Bailando con lobos (Dances with wolves)
Estados Unidos, 1990
Director: Kevin Costner
Guión:
Michael Blake. Basado en una obra de Michael Blake
Fotografía:
Dean Semler
Música:
John Barry
Intérpretes:
Kevin
Costner (Teniente Dunbar)
Mary McDonnell (Stands
with a fist)
Graham Greene (Kicking
bird)
Rodney A. Grant (Wind
in his hair)
Floyd Red Crow Westerman (Ten bears)
Tantoo Cardinal (Black
shawl)
Wes Studi (Toughest Pawnee)
Maury Chaykin (Mayor Fambrough)
Robert Pastorelli (Timmons)
Charles Rocket (Teniente Elgin)
SINOPSIS:
Tras
la Guerra de
Secesión (1860-1865), el Teniente John J. Dunbar es destinado a Fort Sedgewick, un puesto fronterizo situado
a escasa distancia de territorio sioux.
A pesar de encontrarlo absolutamente arrasado y abandonado, Dunbar decide
quedarse. Acompañado por Calcetines —un simpático e
inofensivo lobo— y sus propios pensamientos, la relación de Dunbar con sus
nuevos vecinos, los sioux, se basará
en la admiración y respeto mutuos.
Exceptuando “La puerta del cielo” (1980), “El
jinete pálido” (1985) y —si mucho me apuráis— “Forajidos de leyenda” (1980) y “Silverado” (1985), los 80 fueron una década más bien nefasta para
el western.
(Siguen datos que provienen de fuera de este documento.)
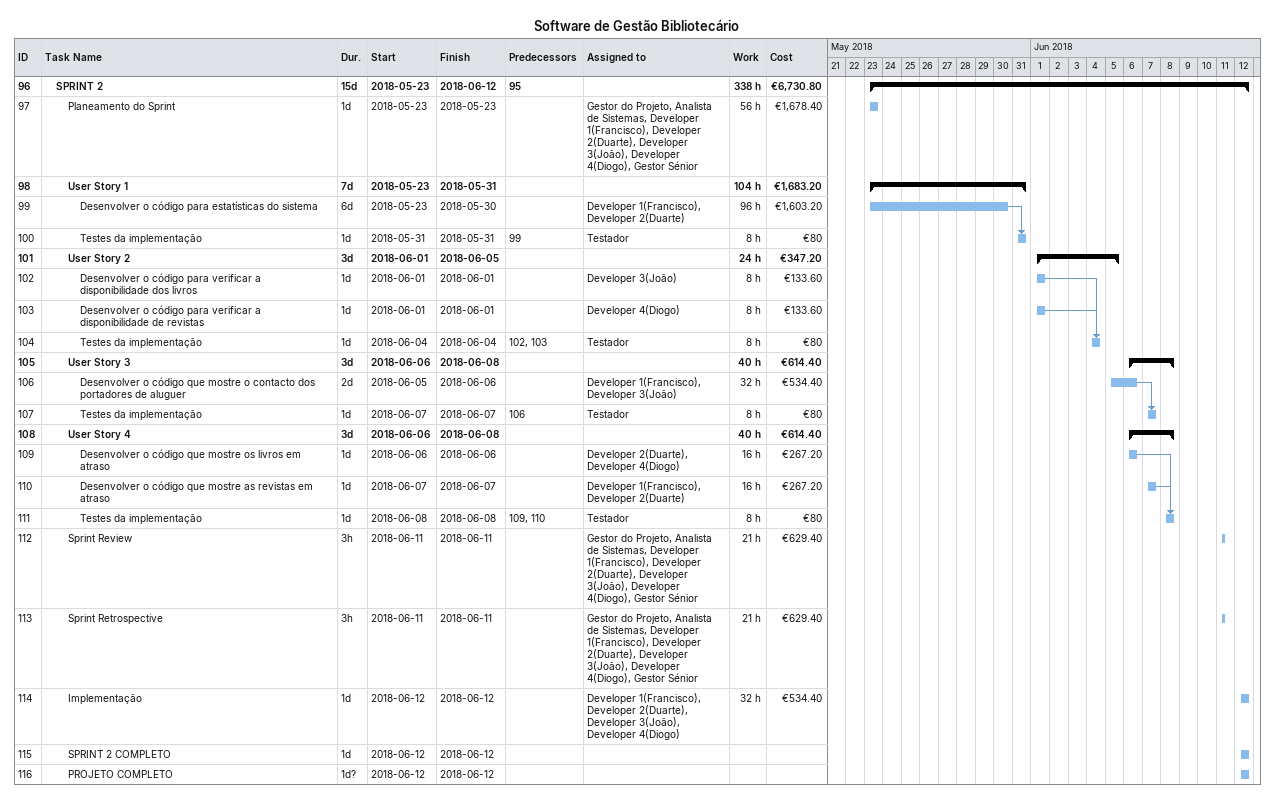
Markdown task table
Software de Gestão Bibliotecário

| ID | Level | Task | Duration | Start | Finish | Predecessors | Resources | Work (h) | Cost (€) |
|---|---|---|---|---|---|---|---|---|---|
| 96 | 2 | **SPRINT 2** | 15d | 2018-05-23 | 2018-06-12 | 95 |  | 338 | 6730.80 |
| 97 | 3 | Planeamento do Sprint | 1d | 2018-05-23 | 2018-05-23 |  | Gestor do Projeto, Analista de Sistemas, Developer 1(Francisco), Developer 2(Duarte), Developer 3(João), Developer 4(Diogo), Gestor Sénior | 56 | 1678.40 |
| 98 | 3 | **User Story 1** | 7d | 2018-05-23 | 2018-05-31 |  |  | 104 | 1683.20 |
| 99 | 4 | Desenvolver o código para estatísticas do sistema | 6d | 2018-05-23 | 2018-05-30 |  | Developer 1(Francisco), Developer 2(Duarte) | 96 | 1603.20 |
| 100 | 4 | Testes da implementação | 1d | 2018-05-31 | 2018-05-31 | 99 | Testador | 8 | 80 |
| 101 | 3 | **User Story 2** | 3d | 2018-06-01 | 2018-06-05 |  |  | 24 | 347.20 |
| 102 | 4 | Desenvolver o código para verificar a disponibilidade dos livros | 1d | 2018-06-01 | 2018-06-01 |  | Developer 3(João) | 8 | 133.60 |
| 103 | 4 | Desenvolver o código para verificar a disponibilidade de revistas | 1d | 2018-06-01 | 2018-06-01 |  | Developer 4(Diogo) | 8 | 133.60 |
| 104 | 4 | Testes da implementação | 1d | 2018-06-04 | 2018-06-04 | 102, 103 | Testador | 8 | 80 |
| 105 | 3 | **User Story 3** | 3d | 2018-06-06 | 2018-06-08 |  |  | 40 | 614.40 |
| 106 | 4 | Desenvolver o código que mostre o contacto dos portadores de aluguer | 2d | 2018-06-05 | 2018-06-06 |  | Developer 1(Francisco), Developer 3(João) | 32 | 534.40 |
| 107 | 4 | Testes da implementação | 1d | 2018-06-07 | 2018-06-07 | 106 | Testador | 8 | 80 |
| 108 | 3 | **User Story 4** | 3d | 2018-06-06 | 2018-06-08 |  |  | 40 | 614.40 |
| 109 | 4 | Desenvolver o código que mostre os livros em atraso | 1d | 2018-06-06 | 2018-06-06 |  | Developer 2(Duarte), Developer 4(Diogo) | 16 | 267.20 |
| 110 | 4 | Desenvolver o código que mostre as revistas em atraso | 1d | 2018-06-07 | 2018-06-07 |  | Developer 1(Francisco), Developer 2(Duarte) | 16 | 267.20 |
| 111 | 4 | Testes da implementação | 1d | 2018-06-08 | 2018-06-08 | 109, 110 | Testador | 8 | 80 |
| 112 | 3 | Sprint Review | 3h | 2018-06-11 | 2018-06-11 |  | Gestor do Projeto, Analista de Sistemas, Developer 1(Francisco), Developer 2(Duarte), Developer 3(João), Developer 4(Diogo), Gestor Sénior | 21 | 629.40 |
| 113 | 3 | Sprint Retrospective | 3h | 2018-06-11 | 2018-06-11 |  | Gestor do Projeto, Analista de Sistemas, Developer 1(Francisco), Developer 2(Duarte), Developer 3(João), Developer 4(Diogo), Gestor Sénior | 21 | 629.40 |
| 114 | 3 | Implementação | 1d | 2018-06-12 | 2018-06-12 |  | Developer 1(Francisco), Developer 2(Duarte), Developer 3(João), Developer 4(Diogo) | 32 | 534.40 |
| 115 | 3 | SPRINT 2 COMPLETO | 1d | 2018-06-12 | 2018-06-12 |  |  |  |  |
| 116 | 3 | PROJETO COMPLETO | 1d? | 2018-06-12 | 2018-06-12 |  |  |  |  |

Precisamente por ello
sorprende y mucho que un director novel como Kevin Costner tuviera, a finales de esa década, la osadía de
emprender un proyecto cinematográfico del calibre de “Bailando con lobos”. Afortunadamente, lo hizo. Y gracias a ello, a
su tremenda audacia, hoy podemos considerar a “Bailando con lobos” como uno de los
tres o cuatro mejores western de los
últimos 30 años.
Naturalmente, “Bailando con lobos” no es
una película redonda. Y no lo es porque se nota que Costner tira de clichés,
porque no se preocupa demasiado en enriquecer su trabajo a base de subtextos o
sutilezas que le den mayor sustancia y porque quizás su producto final resulte
excesivamente largo y ñoño para ser un gran western.
Aún así, “Bailando con lobos” es, sin lugar a dudas, una de esas pelis que te
reconcilia con el género. Que te permite volver a disfrutar, después de mucho
tiempo, del auténtico y genuino western
de antaño. Que te proporciona tres horas de puro espectáculo. Y solo por eso (y
por su marcado carácter proindio, por supuesto) ya merece, sobradamente, todos
mis respetos.
Por si fuera poco, “Bailando con lobos” es
una peli de grandes escenas. Y aunque podría haber optado tranquilamente por la
del entrañable baile con Calcetines,
por la de la espectacular cacería de búfalos o por la conmovedora despedida de Cabello al viento, finalmente me he
decantado por el épico intento de suicidio inicial porque fue la que más me
impresionó la primera vez que vi esta película.
La escena se desarrolla en St. David’s field, Tennessee, durante la
Guerra de Secesión. Concretamente, en 1863.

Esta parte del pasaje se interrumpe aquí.